Faq units for RMSEC and RMSECV for PLSDA
What are the units used for RMSEC and RMSECV when cross-validating PLSDA models? Why do the cross-validation curves look strange for PLSDA?
Note: this behavior has changed as of version 5.0 of PLS_Toolbox and Solo. RMSECV is now reported using the standard RMSECV equation (see the documentation). The misclassification rate discussed below is now reported separately.
With PLSDA, cross-validation reports the RMSEC and RMSECV in terms of "fractional misclassification error rate". That is, an RMSECV of 0.05 indicates a 5% misclassification error rate. This misclassification is based on the automatically determined threshold (see FAQ on how this threshold is determined) and the values predicted for each sample when it was in the test set (left out of the model) during cross-validation.

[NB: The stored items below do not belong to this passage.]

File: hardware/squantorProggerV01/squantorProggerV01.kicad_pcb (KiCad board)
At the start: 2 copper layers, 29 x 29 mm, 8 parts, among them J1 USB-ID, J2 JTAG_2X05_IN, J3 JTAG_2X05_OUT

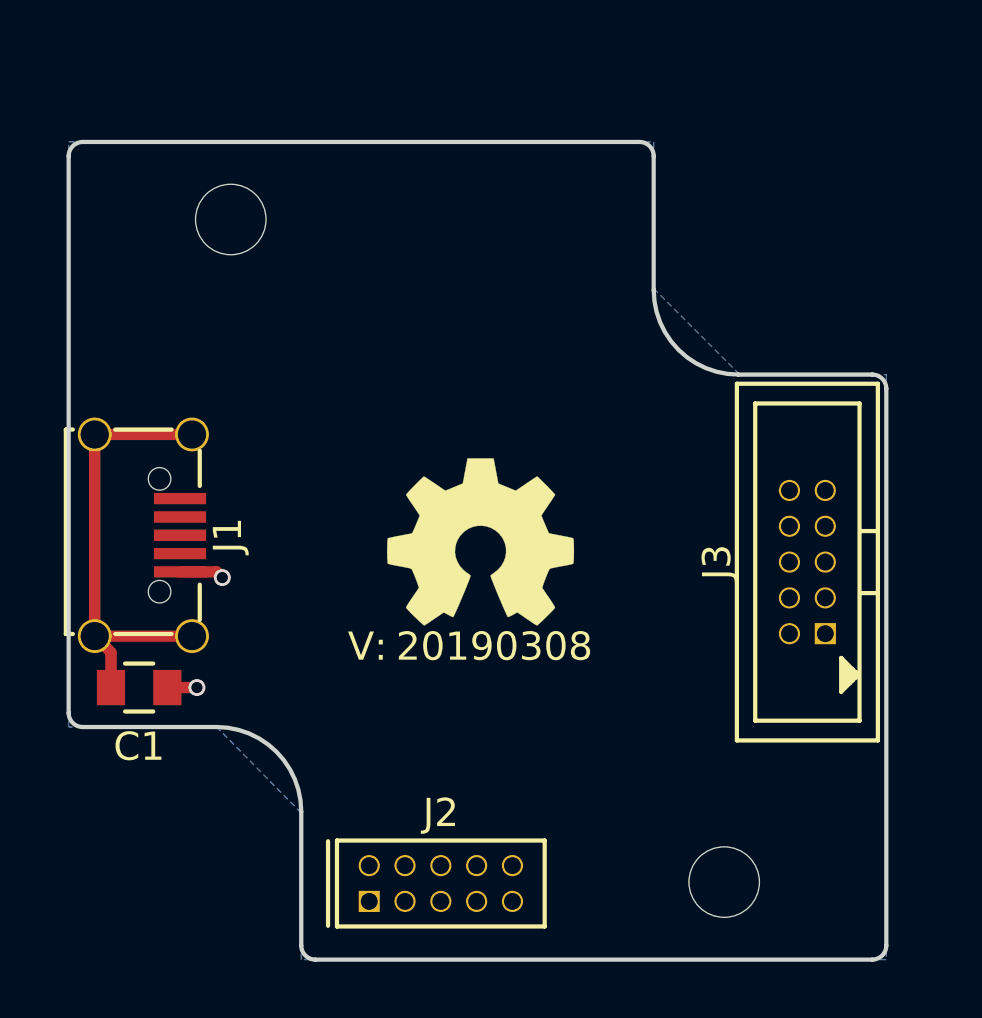
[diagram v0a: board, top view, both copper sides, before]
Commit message: imported schematics of LPC824 breakout and HT42B534 breakout
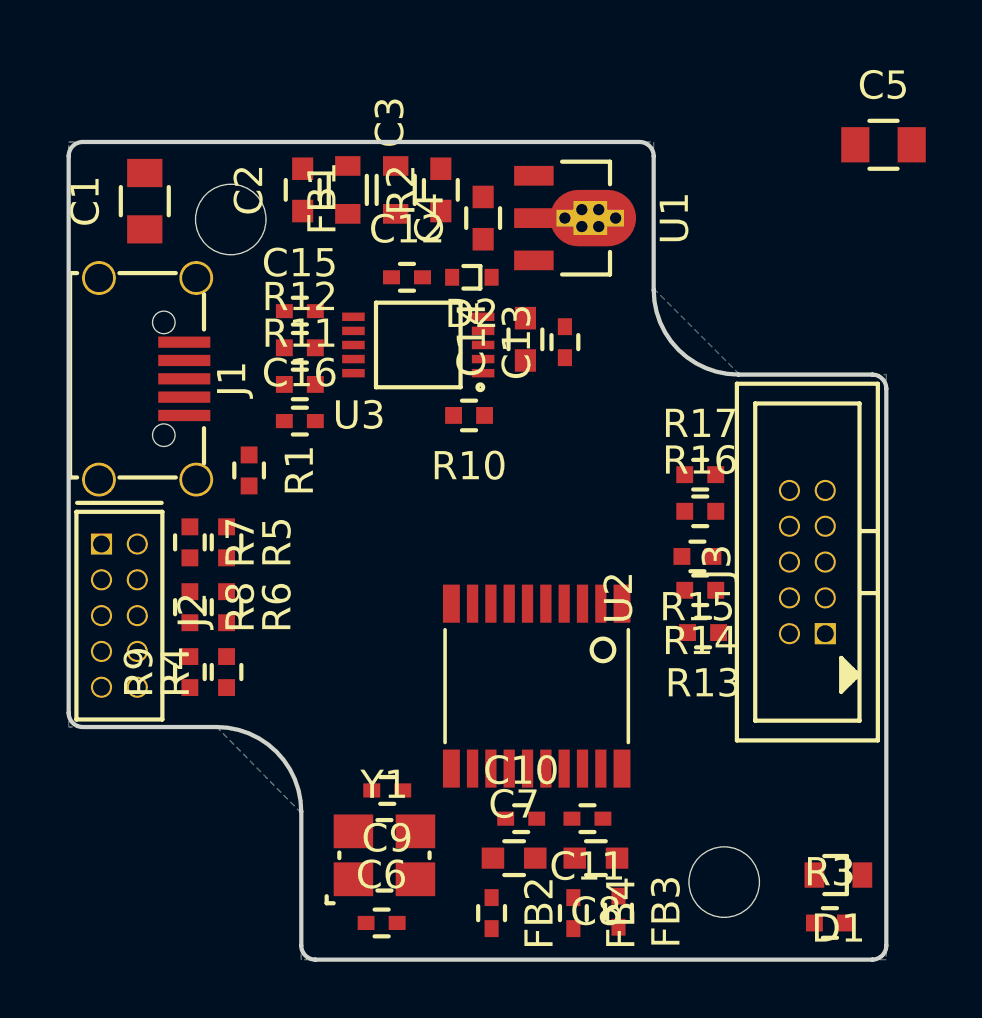
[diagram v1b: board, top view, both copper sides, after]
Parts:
- added C10: 100n, SquantorRcl:C_0402, F.Cu at (149.4, 110.8)
- added C11: 100n, SquantorRcl:C_0402, F.Cu at (151.8, 110.8)
- added C12: 100n, SquantorRcl:C_0402, F.Cu at (145.4, 91.6)
- added C13: 100n, SquantorRcl:C_0402, F.Cu at (151.0, 93.9)
- added C14: 1u, SquantorRcl:C_0603, F.Cu at (149.6, 93.8)
- added C15: 47p, SquantorRcl:C_0402, F.Cu at (141.6, 92.8)
- added C16: 47p, SquantorRcl:C_0402, F.Cu at (141.6, 96.7)
- added C2: 100n, SquantorRcl:C_0603, F.Cu at (141.7, 88.5)
- added C3: 1u, SquantorRcl:C_0603, F.Cu at (146.6, 88.5)
- added C4: 1u, SquantorRcl:C_0603, F.Cu at (148.1, 89.5)
- added C5: 10u, SquantorRcl:C_0805, F.Cu at (162.3, 86.9)
- added C6: 18p, SquantorRcl:C_0402, F.Cu at (144.5, 114.5)
- added C7: 1u, SquantorRcl:C_0603, F.Cu at (149.2, 112.2)
- added C8: 1u, SquantorRcl:C_0603, F.Cu at (152.1, 112.2)
- added C9: 18p, SquantorRcl:C_0402, F.Cu at (144.7, 109.8)
- added D1: RED, SquantorDiodes:D_0603_hand, F.Cu at (160.7, 112.8)
- added D2: D, SquantorDiodes:SOD-523, F.Cu at (147.7, 91.6)
- added FB1: 600, SquantorRcl:R_0603_hand, F.Cu at (145.0, 88.5)
- added FB2: FB, SquantorRcl:C_0402, F.Cu at (148.4, 114.2)
- added FB3: FB, SquantorRcl:C_0402, F.Cu at (152.9, 114.1)
- added FB4: FB, SquantorRcl:C_0402, F.Cu at (151.3, 114.2)
- added R1: 0, SquantorRcl:R_0402_hand, F.Cu at (139.8, 98.5)
- added R10: 10K, SquantorRcl:R_0402_hand, F.Cu at (147.6, 96.5)
- added R11: 33, SquantorRcl:R_0402_hand, F.Cu at (141.6, 95.4)
- added R12: 33, SquantorRcl:R_0402_hand, F.Cu at (141.6, 94.1)
- added R13: 100, SquantorRcl:R_0402_hand, F.Cu at (155.9, 104.2)
- added R14: 100, SquantorRcl:R_0402_hand, F.Cu at (155.8, 102.7)
- added R15: 100, SquantorRcl:R_0402_hand, F.Cu at (155.7, 101.5)
- added R16: 100, SquantorRcl:R_0402_hand, F.Cu at (155.8, 99.9)
- added R17: 100, SquantorRcl:R_0402_hand, F.Cu at (155.8, 98.6)
- added R2: Fuse, SquantorRcl:R_0603_hand, F.Cu at (143.3, 88.5)
- added R3: 1K, SquantorRcl:R_0402_hand, F.Cu at (160.4, 114.5)
- added R4: 100K, SquantorRcl:R_0402_hand, F.Cu at (139.0, 105.6)
- added R5: 100k, SquantorRcl:R_0402_hand, F.Cu at (139.0, 101.0)
- added R6: 100k, SquantorRcl:R_0402_hand, F.Cu at (139.0, 103.3)
- added R7: 100, SquantorRcl:R_0402_hand, F.Cu at (137.7, 101.0)
- added R8: 100, SquantorRcl:R_0402_hand, F.Cu at (137.7, 103.3)
- added R9: 100, SquantorRcl:R_0402_hand, F.Cu at (137.7, 105.6)
- added U1: MCP1702-MB, SquantorIC:SOT89-ViaTab-Microchip-MB, F.Cu at (149.9, 89.5)
- added U2: LPC824M201JDH20, SquantorIC:SOT360, F.Cu at (150.0, 106.1)
- added U3: HT42B534-MSOP10, SquantorIC:MSOP-10, F.Cu at (145.8, 94.0)
- added Y1: 12MHz, SquantorCrystal:Crystal_3225_4, F.Cu at (144.6, 112.1)
- J2: value JTAG_2X05_IN -> JTAG_2X05
- N1: footprint Symbols:OSHW-Symbol_6.7x6mm_SilkScreen -> Symbol:OSHW-Symbol_6.7x6mm_SilkScreen; moved to B.Cu
- N2: value 20190308 -> 20190402; moved to B.Cu
- moved N1 30.6 mm to (173.0, 118.7)
- moved N2 24.8 mm to (171.6, 114.9)
- moved C1 17.3 mm to (136.1, 88.9), turned to 90 degrees
- moved J2 14.8 mm to (135.2, 103.6), turned to 270 degrees
- moved J1 5.55 mm to (136.2, 95.2)
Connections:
- C1 pad 1: VSS -> Net-(C1-Pad1)
- C1 pad 2: Net-(C1-Pad2) -> VSS
- J1 pad 1: (no net) -> /VBUS
- J1 pad 2: (no net) -> /USB_D-
- J1 pad 3: (no net) -> /USB_D+
- J1 pad 4: (no net) -> Net-(J1-Pad4)
- J1 pad S: Net-(C1-Pad2) -> Net-(C1-Pad1)
- J2 pad 1: (no net) -> /VDD
- J2 pad 10: (no net) -> Net-(J2-Pad10)
- J2 pad 2: (no net) -> Net-(J2-Pad2)
- J2 pad 4: (no net) -> Net-(J2-Pad4)
- J3 pad 10: (no net) -> Net-(J3-Pad10)
- J3 pad 2: (no net) -> Net-(J3-Pad2)
- J3 pad 4: (no net) -> Net-(J3-Pad4)
- J3 pad 6: (no net) -> Net-(J3-Pad6)
- J3 pad 8: (no net) -> Net-(J3-Pad8)
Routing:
- net Net-(C1-Pad2): track 16.1 -> 0.00 mm
- net VSS: track 2.63 -> 0.00 mm, vias 2 -> 0

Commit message: added test points to USB and SWD in
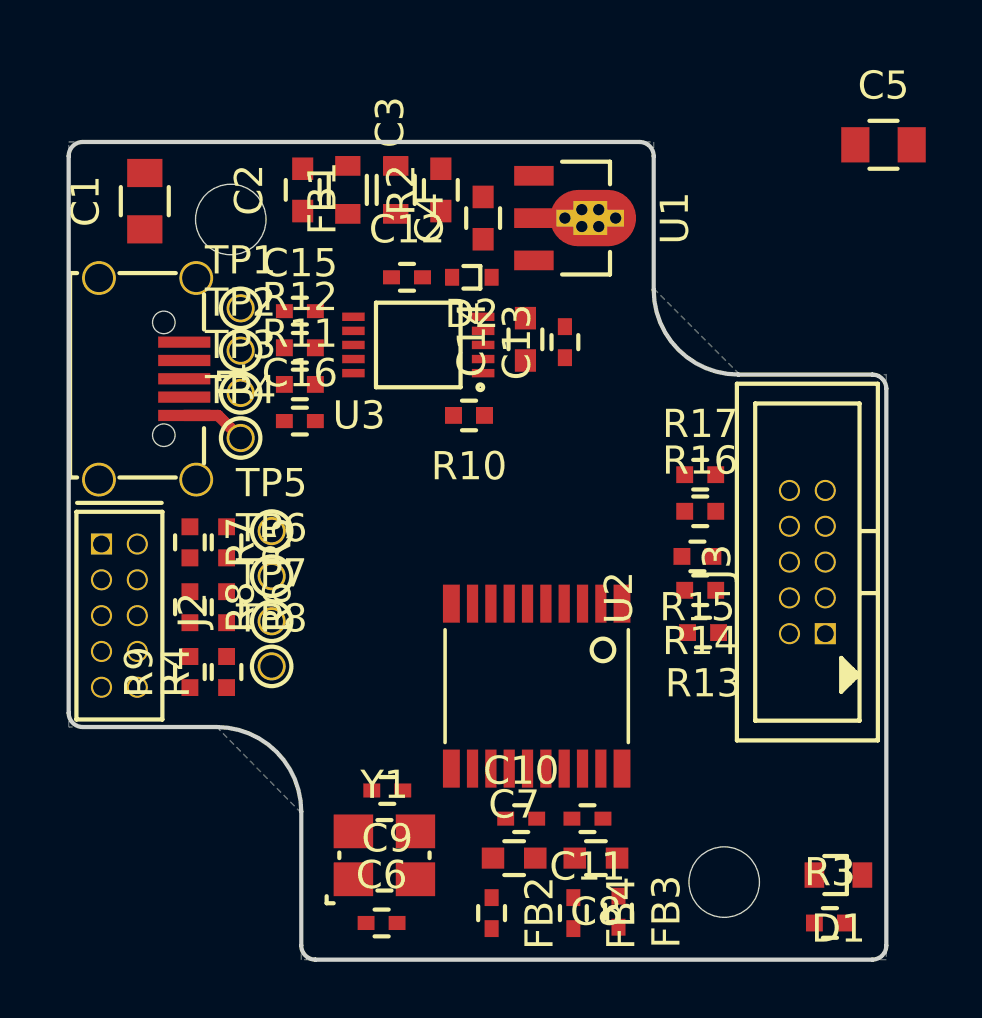
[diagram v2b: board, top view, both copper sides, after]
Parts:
- removed R1: 0, SquantorRcl:R_0402_hand
- added TP1: testpad, SquantorTestPoints:TestPoint_Hole_D0.8mm, F.Cu at (139.5, 92.7)
- added TP2: testpad, SquantorTestPoints:TestPoint_Hole_D0.8mm, F.Cu at (139.5, 94.2)
- added TP3: testpad, SquantorTestPoints:TestPoint_Hole_D0.8mm, F.Cu at (139.5, 95.7)
- added TP4: testpad, SquantorTestPoints:TestPoint_Hole_D0.8mm, F.Cu at (139.5, 97.3)
- added TP5: testpad, SquantorTestPoints:TestPoint_Hole_D0.8mm, F.Cu at (140.6, 100.6)
- added TP6: testpad, SquantorTestPoints:TestPoint_Hole_D0.8mm, F.Cu at (140.6, 102.2)
- added TP7: testpad, SquantorTestPoints:TestPoint_Hole_D0.8mm, F.Cu at (140.6, 103.8)
- added TP8: testpad, SquantorTestPoints:TestPoint_Hole_D0.8mm, F.Cu at (140.6, 105.4)
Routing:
- net VSS: track 0.00 -> 2.33 mm
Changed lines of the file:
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@@
     (thickness 1.6)
     (drawings 16)
-    (tracks 0)
+    (tracks 2)
     (zones 0)
-    (modules 50)
+    (modules 57)
     (nets 31)
   )
@@
   )
   (setup
-    (last_trace_width 0.1524)
+    (last_trace_width 0.4)
     (user_trace_width 0.1524)
     (user_trace_width 0.2)
@@
     (add_net VSS)
   )
+  (module SquantorTestPoints:TestPoint_Hole_D0.8mm (layer F.Cu)
+    (at 140.6 105.4)
+    (fp_text reference TP8 (at 0 -1.7) (layer F.SilkS)
+      (effects (font (size 1 1) (thickness 0.15)))
+    )
+    (fp_text value testpad (at 0 1.9) (layer F.Fab)
+      (effects (font (size 1 1) (thickness 0.15)))
+    )
+    (fp_circle (center 0 0) (end 0.7 0) (layer F.SilkS) (width 0.15))
+    (pad 1 thru_hole circle (at 0 0) (size 1 1) (drill 0.8) (layers *.Cu *.Mask)
+      (net 1 VSS))
+  )
+  (module SquantorTestPoints:TestPoint_Hole_D0.8mm (layer F.Cu)
+    (at 140.6 103.8)
+    (fp_text reference TP7 (at 0 -1.7) (layer F.SilkS)
+      (effects (font (size 1 1) (thickness 0.15)))
+    )
+    (fp_text value testpad (at 0 1.9) (layer F.Fab)
+      (effects (font (size 1 1) (thickness 0.15)))
+    )
+    (fp_circle (center 0 0) (end 0.7 0) (layer F.SilkS) (width 0.15))
+    (pad 1 thru_hole circle (at 0 0) (size 1 1) (drill 0.8) (layers *.Cu *.Mask)
+      (net 25 /RESET))
+  )
+  (module SquantorTestPoints:TestPoint_Hole_D0.8mm (layer F.Cu)
+    (at 140.6 102.2)
+    (fp_text reference TP6 (at 0 -1.7) (layer F.SilkS)
+      (effects (font (size 1 1) (thickness 0.15)))
+    )
+    (fp_text value testpad (at 0 1.9) (layer F.Fab)
+      (effects (font (size 1 1) (thickness 0.15)))
+    )
+    (fp_circle (center 0 0) (end 0.7 0) (layer F.SilkS) (width 0.15))
+    (pad 1 thru_hole circle (at 0 0) (size 1 1) (drill 0.8) (layers *.Cu *.Mask)
+      (net 27 /PIO0_3))
+  )
+  (module SquantorTestPoints:TestPoint_Hole_D0.8mm (layer F.Cu)
+    (at 140.6 100.6)
+    (fp_text reference TP5 (at 0 -1.7) (layer F.SilkS)
+      (effects (font (size 1 1) (thickness 0.15)))
+    )
+    (fp_text value testpad (at 0 1.9) (layer F.Fab)
+      (effects (font (size 1 1) (thickness 0.15)))
+    )
+    (fp_circle (center 0 0) (end 0.7 0) (layer F.SilkS) (width 0.15))
+    (pad 1 thru_hole circle (at 0 0) (size 1 1) (drill 0.8) (layers *.Cu *.Mask)
+      (net 26 /PIO0_2))
+  )
+  (module SquantorTestPoints:TestPoint_Hole_D0.8mm (layer F.Cu)
+    (at 139.5 97.3)
+    (fp_text reference TP4 (at 0 -1.7) (layer F.SilkS)
+      (effects (font (size 1 1) (thickness 0.15)))
+    )
+    (fp_text value testpad (at 0 1.9) (layer F.Fab)
+      (effects (font (size 1 1) (thickness 0.15)))
+    )
+    (fp_circle (center 0 0) (end 0.7 0) (layer F.SilkS) (width 0.15))
+    (pad 1 thru_hole circle (at 0 0) (size 1 1) (drill 0.8) (layers *.Cu *.Mask)
+      (net 1 VSS))
+  )
+  (module SquantorTestPoints:TestPoint_Hole_D0.8mm (layer F.Cu)
+    (at 139.5 95.7)
+    (fp_text reference TP3 (at 0 -1.7) (layer F.SilkS)
+      (effects (font (size 1 1) (thickness 0.15)))
+    )
+    (fp_text value testpad (at 0 1.9) (layer F.Fab)
+      (effects (font (size 1 1) (thickness 0.15)))
+    )
+    (fp_circle (center 0 0) (end 0.7 0) (layer F.SilkS) (width 0.15))
+    (pad 1 thru_hole circle (at 0 0) (size 1 1) (drill 0.8) (layers *.Cu *.Mask)
+      (net 30 /USB_D+))
+  )
+  (module SquantorTestPoints:TestPoint_Hole_D0.8mm (layer F.Cu)
+    (at 139.5 94.2)
+    (fp_text reference TP2 (at 0 -1.7) (layer F.SilkS)
+      (effects (font (size 1 1) (thickness 0.15)))
+    )
+    (fp_text value testpad (at 0 1.9) (layer F.Fab)
+      (effects (font (size 1 1) (thickness 0.15)))
+    )
+    (fp_circle (center 0 0) (end 0.7 0) (layer F.SilkS) (width 0.15))
+    (pad 1 thru_hole circle (at 0 0) (size 1 1) (drill 0.8) (layers *.Cu *.Mask)
+      (net 29 /USB_D-))
+  )
+  (module SquantorTestPoints:TestPoint_Hole_D0.8mm (layer F.Cu)
+    (at 139.5 92.7)
+    (fp_text reference TP1 (at 0 -1.7) (layer F.SilkS)
+      (effects (font (size 1 1) (thickness 0.15)))
+    )
+    (fp_text value testpad (at 0 1.9) (layer F.Fab)
+      (effects (font (size 1 1) (thickness 0.15)))
+    )
+    (fp_circle (center 0 0) (end 0.7 0) (layer F.SilkS) (width 0.15))
+    (pad 1 thru_hole circle (at 0 0) (size 1 1) (drill 0.8) (layers *.Cu *.Mask)
+      (net 3 /VBUS))
+  )
   (module SquantorRcl:C_0603 (layer F.Cu)
     (at 141.7 88.5 90)
@@
       (net 15 "Net-(FB1-Pad2)"))
     (model Resistors_SMD.3dshapes/R_0603.wrl
-      (at (xyz 0 0 0))
-      (scale (xyz 1 1 1))
-      (rotate (xyz 0 0 0))
-    )
-  )
-  (module SquantorRcl:R_0402_hand (layer F.Cu)
-    (at 139.8 98.45 270)
-    (descr "Resistor SMD 0402, reflow soldering, Vishay (see dcrcw.pdf)")
-    (tags "resistor 0402")
-    (attr smd)
-    (fp_text reference R1 (at 0 -1.8 270) (layer F.SilkS)
-      (effects (font (size 1 1) (thickness 0.15)))
-    )
-    (fp_text value 0 (at 0 1.8 270) (layer F.Fab)
-      (effects (font (size 1 1) (thickness 0.15)))
-    )
-    (fp_line (start -0.25 0.525) (end 0.25 0.525) (layer F.SilkS) (width 0.15))
-    (fp_line (start 0.25 -0.525) (end -0.25 -0.525) (layer F.SilkS) (width 0.15))
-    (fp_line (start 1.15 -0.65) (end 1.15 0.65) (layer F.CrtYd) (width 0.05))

The resulting RMSEC and RMSECV curves (as a function of number of latent variables) may be different from typical regression cross-validation results. This is because, depending on the noise structure in the data, the misclassification error rate may be less sensitive to number of components than a normal RMSECV might be. You may see the RMSECV drop to zero and stay there as the number of components increases. In these instances, the latter latent variables do not have much of an effect on which side of the threshold individual samples fall on. Thus, the misclassification rate is not adversely effected.
As the number and diversity of samples increases, the sensitivity of RMSECV to the number of latent variables increases. To increase sensitivity, you may wish to use fewer splits in your cross-validation.